En toda la historia reciente de nuestro país, nunca han faltado los libros de texto para el nivel básico, por lo que esta afirmación no tiene sentido en este informe. Es como afirmar que se ha pagado el salario de los maestros y otros servidores públicos. Es parte de las obligaciones esenciales de la administración pública federal. Lo que llamó mi atención fueron las otras dos afirmaciones. Dice el presidente que no han faltado los libros de texto para la educación media superior. ¿A qué libros se refiere el presidente?, En educación media superior, existen diversos subsistemas públicos y no todos reciben libros de texto. En los colegios de bachilleres estatales, los alumnos deben adquirirlos con cargo a sus padres o destinando parte del importe de su beca. Algunos estados como Hidalgo y anteriormente Colima sí entregaron libros de texto gratuitos a los estudiantes de bachillerato, pero son pagados con recursos estatales, no federales.

La segunda afirmación sobre la mejora de los contenidos de los libros de texto es también escalofriante. ¿Cómo se puede mejorar los libros en procesos acelerados e improvisados como el que encabezó Marx Arriaga para rediseñar los textos de Español de tercero y cuarto año?, ¿Cómo se puede mejorar un texto sin tener antes claridad en los perfiles de egreso?, ¿Cómo se puede mejorar un texto si se edita y distribuye sin revisión?

Están terminadas o en proceso de construcción 140 universidades públicas.

Las universidades para el Bienestar “Benito Juárez García” se trata de otro caso en el que primero se construyeron las aulas que definir un proyecto académico, pedagógico y curricular que justificara su pertinencia. La operación de Raquel Sosa, su directora general, ha sido cuestionada por sus exigencias para no reprobar a los estudiantes, eliminar la tesis y otros requisitos de titulación y sobre todo por despedir a psicólogos, pedagogos o comunicólogos por considerarlos “docentes neoliberales” que no tienen cabida en estas escuelas de estudios superiores, mal llamadas Universidades.

Se ha basificado a 400 mil trabajadores de la educación.

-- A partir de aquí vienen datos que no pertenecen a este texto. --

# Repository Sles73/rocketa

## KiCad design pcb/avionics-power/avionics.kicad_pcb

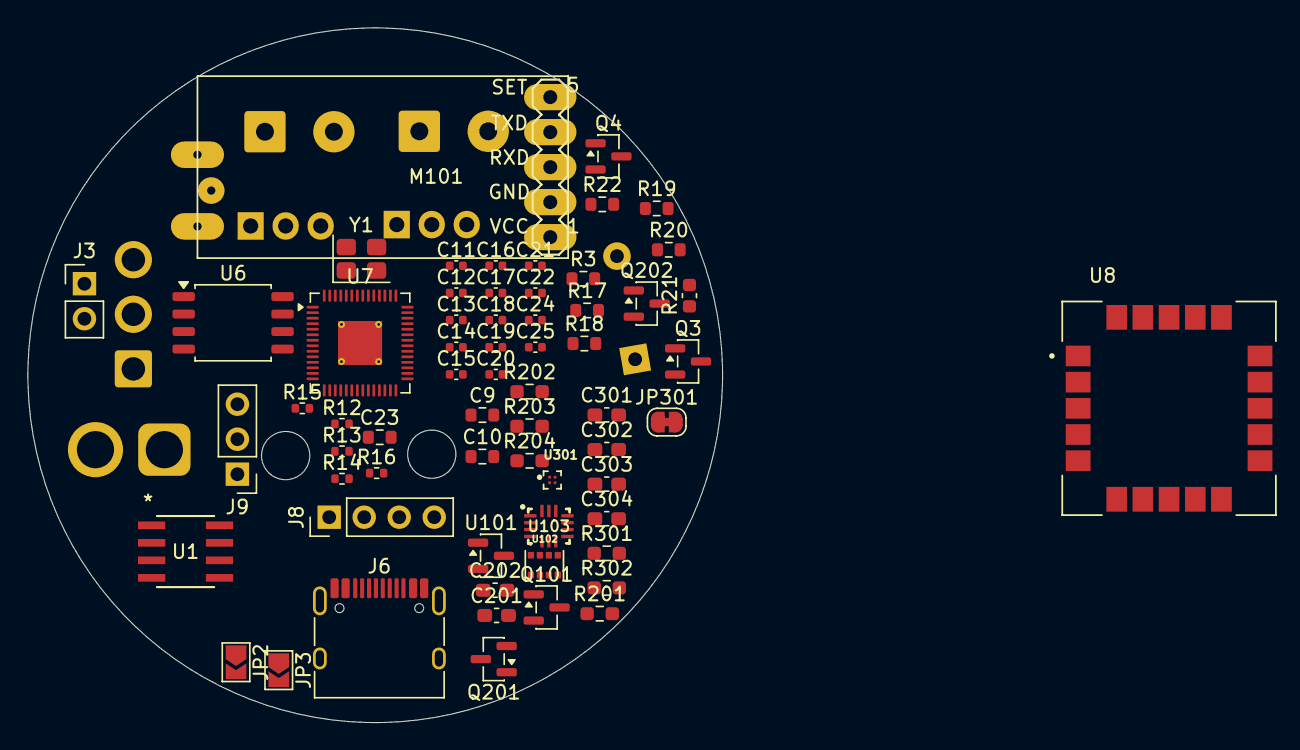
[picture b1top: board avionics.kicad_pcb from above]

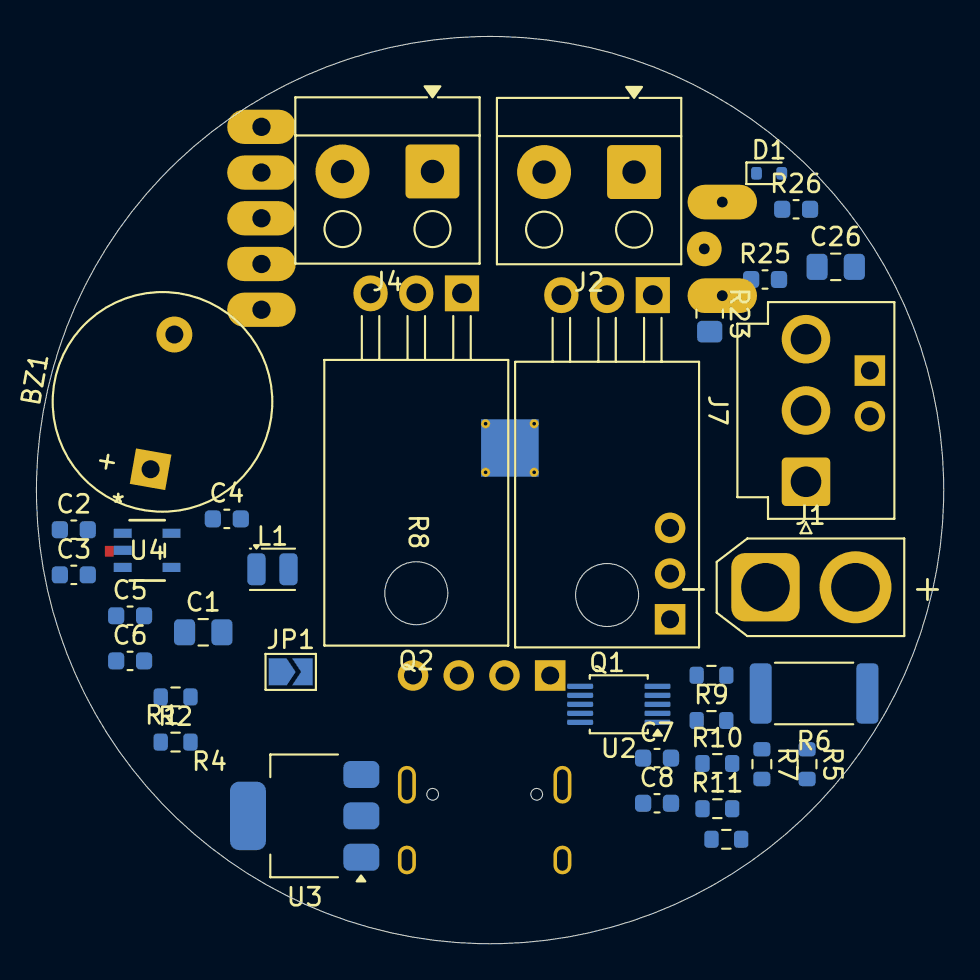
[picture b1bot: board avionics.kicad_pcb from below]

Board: 2 copper layers, 50.4 x 50.4 mm, 102 parts (35 on the bottom side), 55 nets, no tracks yet.

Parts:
BZ1: Buzzer; Buzzer_12x9.5RM7.6
C1: 22uF; C_0805_2012Metric_Pad1.18x1.45mm_HandSolder
C2: 10uF; C_0603_1608Metric
C3, C5, C6: 22uF; C_0603_1608Metric
C4: 22pF; C_0603_1608Metric
C7, C8: 100nF; C_0603_1608Metric
C9, C10, C23: 10u; R_0603_1608Metric
C11, C12, C13, C14, C15, C16, C17, C18, C19, C22: 100n; C_0402_1005Metric
C20, C21: 1u; C_0402_1005Metric
C24, C25: 15p; C_0402_1005Metric
C26: 1uF; C_0805_2012Metric_Pad1.18x1.45mm_HandSolder
C201, C202: 1uF; C_0603_1608Metric_Pad1.08x0.95mm_HandSolder
C301, C302, C303: 100nF; C_0603_1608Metric_Pad1.08x0.95mm_HandSolder
C304: 2.2uF; C_0603_1608Metric_Pad1.08x0.95mm_HandSolder
D1: ESD5Z3V3; D_SOD-523
H1, H2, H3, H4: MountingHole; MountingHole_2.7mm_M2.5
J1: Conn_batt; AMASS_XT30U-F_1x02_P5.0mm_Vertical
J2, J4: Palník_Terminal_01x02; Altech_AK100_1x02_P5.00mm
J3: Conn_01x02; PinHeader_1x02_P2.54mm_Vertical
J6: USB_C_Receptacle_USB2.0_16P; USB_C_Receptacle_HRO_TYPE-C-31-M-12
J7: RFB_switch; JST_VH_B3P-VH-B_1x03_P3.96mm_Vertical
J8: Conn_01x04_Pin; PinHeader_1x04_P2.54mm_Vertical
J9: Conn_01x03_Pin; PinHeader_1x03_P2.54mm_Vertical
JP1: SolderJumper_2_Open; SolderJumper-2_P1.3mm_Open_TrianglePad1.0x1.5mm
JP2: A1; SolderJumper-2_P1.3mm_Open_TrianglePad1.0x1.5mm
JP3: A0; SolderJumper-2_P1.3mm_Open_TrianglePad1.0x1.5mm
JP301: i2c; SolderJumper-2_P1.3mm_Bridged_RoundedPad1.0x1.5mm
L1: 2.2uH; L_Coilcraft_0805HQ_2012Metric
M101: HC-12; MA05-1
Q1, Q2: IRF9540N; TO-220-3_Horizontal_TabDown
Q3, Q4, Q202: SS8050; SOT-23
Q101, Q201: 2N7002; SOT-23
R1, R3, R7, R8, R9, R10, R11, R18, R19: 10k; R_0603_1608Metric
R2: 45k; R_0603_1608Metric
R4, R5: 10R; R_0603_1608Metric
R6: 5m; R_2512_6332Metric
R12, R13: 27; R_0402_1005Metric
R14: DNF; R_0402_1005Metric
R15, R16: 1k; R_0402_1005Metric
R17, R20, R22: 1k; R_0603_1608Metric
R21: 1k; C_0603_1608Metric
R23: 470R; R_0805_2012Metric_Pad1.20x1.40mm_HandSolder
R25: 10K; C_0603_1608Metric
R26: 18k; C_0603_1608Metric
R201, R202, R203, R204: 10k; R_0603_1608Metric_Pad0.98x0.95mm_HandSolder
R301, R302: 2.7k; R_0603_1608Metric_Pad0.98x0.95mm_HandSolder
U1: ATTINY402-SSNR; SOIC8_4P9X3P9MC_MCH
U2: INA226; TSSOP-10_3x3mm_P0.5mm
U3: AMS1117-3.3; SOT-223-3_TabPin2
U4: SY8089AAAC; SY8089AAAC_SGY
U6: W25Q128JVS; SOIC-8_5.3x5.3mm_P1.27mm
U7: RP2040; QFN-56-1EP_7x7mm_P0.4mm_EP3.2x3.2mm_ThermalVias
U8: SAM-M8Q-0-10; MODULE_SAM-M8Q-0-10
U101: ME6206A18XG; SOT-23
U102: ICP-10111; PSON65P250X200X100-8N
U103: LSM6DS3TR-C; LGA-14-2.5X3MM
U301: MMC5603NJ; XDCR_MMC5603NJ
Y1: ABM8-272-T3; Crystal_SMD_3225-4Pin_3.2x2.5mm

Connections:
+1V1: C11.1, C12.1, C20.1, U7.23 (DVDD), U7.45 (VREG_VOUT), U7.50 (DVDD)
+3V3: C4.1, C5.1, C6.1, C8.2, C10.1, C13.1, C14.1, C15.1, C16.1, C17.1, C18.1, C19.1, C21.1, C22.1, C23.1, C201.1, C301.1, C302.1, C303.1, C304.1, J8.2, J9.2, JP1.2 (B), JP2.2 (B), JP3.2 (B), JP301.1 (A), L1.2, R2.1, R9.2, R10.2, R11.2, R14.1, R202.1, R204.1, R301.1, R302.1, U1.1 (VDD), U2.6 (VS), U6.8 (VCC), U7.1 (IOVDD), U7.10 (IOVDD), U7.22 (IOVDD), U7.33 (IOVDD), U7.42 (IOVDD), U7.43 (ADC_AVDD), U7.44 (VREG_IN), U7.48 (USB_VDD), U7.49 (IOVDD), U101.3 (VI), U103.5 (VDDIO), U103.8 (VDD), U301.B1 (VDD)
+VDC: BZ1.1 (+), C1.1, C2.2, J7.1, R1.1, R5.2, R6.2, R26.1, U3.3 (VI), U4.4 (IN)
/GPS/+3V3: U8.2 (VCC_IO), U8.3 (V_BCKP), U8.17 (VCC)
/IMU/SCL: R302.2, U103.13 (SCL), U301.A2 (SCL)
/IMU/SDA: R301.2, U103.14 (SDA), U301.B2 (SDA)
/backup_mtp/palnik_backup: R20.2, U1.4 (PA1)
/barometr/SCL: Q101.3 (D), R202.2
/barometr/SDA: Q201.3 (D), R204.2
/ejection_charge_safety/Sw1: C26.1, R23.1
/ejection_charge_safety/VCC_palnik: J7.3, Q1.3 (S), Q2.3 (S), R18.2, R19.2
/mcu/QSPI_SCLK: U6.6 (CLK), U7.52 (QSPI_SCLK)
/mcu/QSPI_SD0: U6.5 (DI(IO0)), U7.53 (QSPI_SD0)
/mcu/QSPI_SD1: U6.2 (DO(IO1)), U7.55 (QSPI_SD1)
/mcu/QSPI_SD2: U6.3 (IO2), U7.54 (QSPI_SD2)
/mcu/QSPI_SD3: U6.7 (IO3), U7.51 (QSPI_SD3)
/mcu/QSPI_SS: R14.2, R15.1, U6.1 (~CS), U7.56 (QSPI_SS)
/mcu/USB_D+: J6.A6 (D+), J6.B6 (D+), R12.1
/mcu/USB_D-: J6.A7 (D-), J6.B7 (D-), R13.1
/mcu/XIN: C24.1, U7.20 (XIN), Y1.1
/mcu/XOUT: R16.1, U7.21 (XOUT)
/mcu/~USB_BOOT: J3.1, R15.2
/power_management/Alert: R11.1, U2.3 (~Alert)
/power_management/SCL: R10.1, U2.5 (SCL)
/power_management/SDA: R9.1, U2.4 (SDA)
/power_management/VCC_batt: J1.2, R4.2, R6.1, U2.8 (Vbus)
GND: C1.2, C2.1, C3.1, C5.2, C6.2, C9.2, C10.2, C11.2, C12.2, C13.2, C14.2, C15.2, C16.2, C17.2, C18.2, C19.2, C20.2, C21.2, C22.2, C23.2, C24.2, C25.2, C26.2, C201.2, C202.2, C301.2, C302.2, C303.2, C304.2, D1.2 (A), J1.1, J2.1, J3.2, J4.1, J6.A1 (GND), J6.A12 (GND), J6.B1 (GND), J6.B12 (GND), J6.SH (SHIELD), J8.1, J9.3, Q3.2 (E), Q4.2 (E), Q202.2 (E), R3.2, R7.1, R8.1, R25.2, U1.8 (GND), U2.7 (GND), U3.1 (GND), U4.2 (GND), U6.4 (GND), U7.19 (TESTEN), U7.57 (GND), U8.1 (GND), U8.4 (GND), U8.5 (GND), U8.6 (GND), U8.10 (GND), U8.11 (GND), U8.15 (GND), U8.16 (GND), U8.20 (GND), U101.1 (GND), U102.1 (GND), U102.5 (RESV5), U102.7 (GND), U103.1 (SDO/SA0), U103.2 (SDX), U103.3 (SCX), U103.6 (GND), U103.7 (GND), U301.A1 (VSA), Y1.2, Y1.4
unnamed: BZ1.2 (-), Q4.3 (C)
unnamed: C25.1, R16.2, Y1.3
unnamed: D1.1 (K), J7.2, R23.2, R25.1, R26.2
unnamed: J2.2, Q1.2 (D)
unnamed: J4.2, Q2.2 (D)
unnamed: J8.3, J9.1, R21.2, U1.6 (PA0/RESET/UPDI)
unnamed: J8.4, R21.1
unnamed: C3.2, JP1.1 (A), U3.2 (VO)
unnamed: JP2.1 (A), R7.2, U2.1 (A1)
unnamed: JP3.1 (A), R8.2, U2.2 (A0)
unnamed: JP301.2 (B), U103.12 (CS)
unnamed: M101.GND (GND1), M101.GND1
unnamed: Q1.1 (G), Q3.3 (C), R19.1
unnamed: Q2.1 (G), Q202.3 (C), R18.1
unnamed: Q3.1 (B), R20.1
unnamed: Q4.1 (B), R22.1
unnamed: C202.1, Q101.1 (G), Q201.1 (G), R201.1, R203.1, U101.2 (VO), U102.8 (VDD)
unnamed: Q101.2 (S), R201.2, U102.4 (SCL)
unnamed: Q201.2 (S), R203.2, U102.3 (SDA)
unnamed: Q202.1 (B), R17.1
unnamed: C7.1, R4.1, U2.10 (Vin+)
unnamed: C7.2, R5.1, U2.9 (Vin-)
unnamed: R1.2, U4.1 (EN)
unnamed: C4.2, R2.2, R3.1, U4.5 (FB)
unnamed: L1.1, U4.3 (LX)
unnamed: R13.2, U7.46 (USB_DM)
unnamed: R12.2, U7.47 (USB_DP)
VBUS: C9.1, J6.A4 (VBUS), J6.A9 (VBUS), J6.B4 (VBUS), J6.B9 (VBUS)

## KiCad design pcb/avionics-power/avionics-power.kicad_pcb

El presidente comenta esta cifra sin mayor comentario. Sin mencionar el tipo de trabajadores, el período o las razones por las que se ha realizado esta acción que es contradictoria con aquel primer comunicado de la hoy secretaria de educación en la que pedía se identificara al personal del que se pudiera prescindir para adelgazar la nómina educativa.

Se estableció el sistema de educación por internet, radio y televisión.

Es cierto que, como resultado de la pandemia, el curso escolar 2020-2021 se llevó a cabo casi en su totalidad en modalidad a distancia. En muchos casos apoyados del programa Aprende en Casa II, o de programas radiofónicos o recursos de internet. Pero llamar pomposamente sistema a estos esfuerzos a todas luces valiosos, pero tardíos y descoordinados, es francamente un exceso. Los programas de televisión se empezaron a producir ya iniciado el curso y los profesores conocían el índice de temas, pero no los programas, apenas unos días antes de su transmisión.

Se están creando escuelas para la formación de deportistas y maestros de educación física.

No cabe duda de que la profesionalización de los docentes de educación física es fundamental, pero afirmar llanamente que se están creando. Así con un gerundio tan impropio como indeterminado me deja sin palabras para poder comentar algo. Quizás era el objetivo, no sólo del párrafo ,sino de la totalidad del mensaje.

Hasta ahí las afirmaciones relativas a la educación en el mensaje que supuestamente está dirigido a la nación y no sólo a sus “amigas y amigos” presentes en el recinto y a los que menciona como primeros destinatarios.

Tema de controversia a la que no dedica ni un solo párrafo es al nombramiento de Esteban Moctezuma como embajador en Estados Unidos, dejando claro que esta oficina es para él más importante que la educación nacional. Y dejando como remplazo a la Mtra. Delfina Gómez Álvarez quien durante los meses que lleva en la SEP aparece y desaparece a modo del espacio público cada vez que hay problemas y ahora enfrenta la responsabilidad por una multa impuesta por el INE al partido Morena por retener y entregar ilegalmente a dicho partido recursos de los trabajadores del municipio de Texcoco durante su administración municipal. ¿Se nos dirá ahora acaso que se trató de aportaciones voluntarias al movimiento?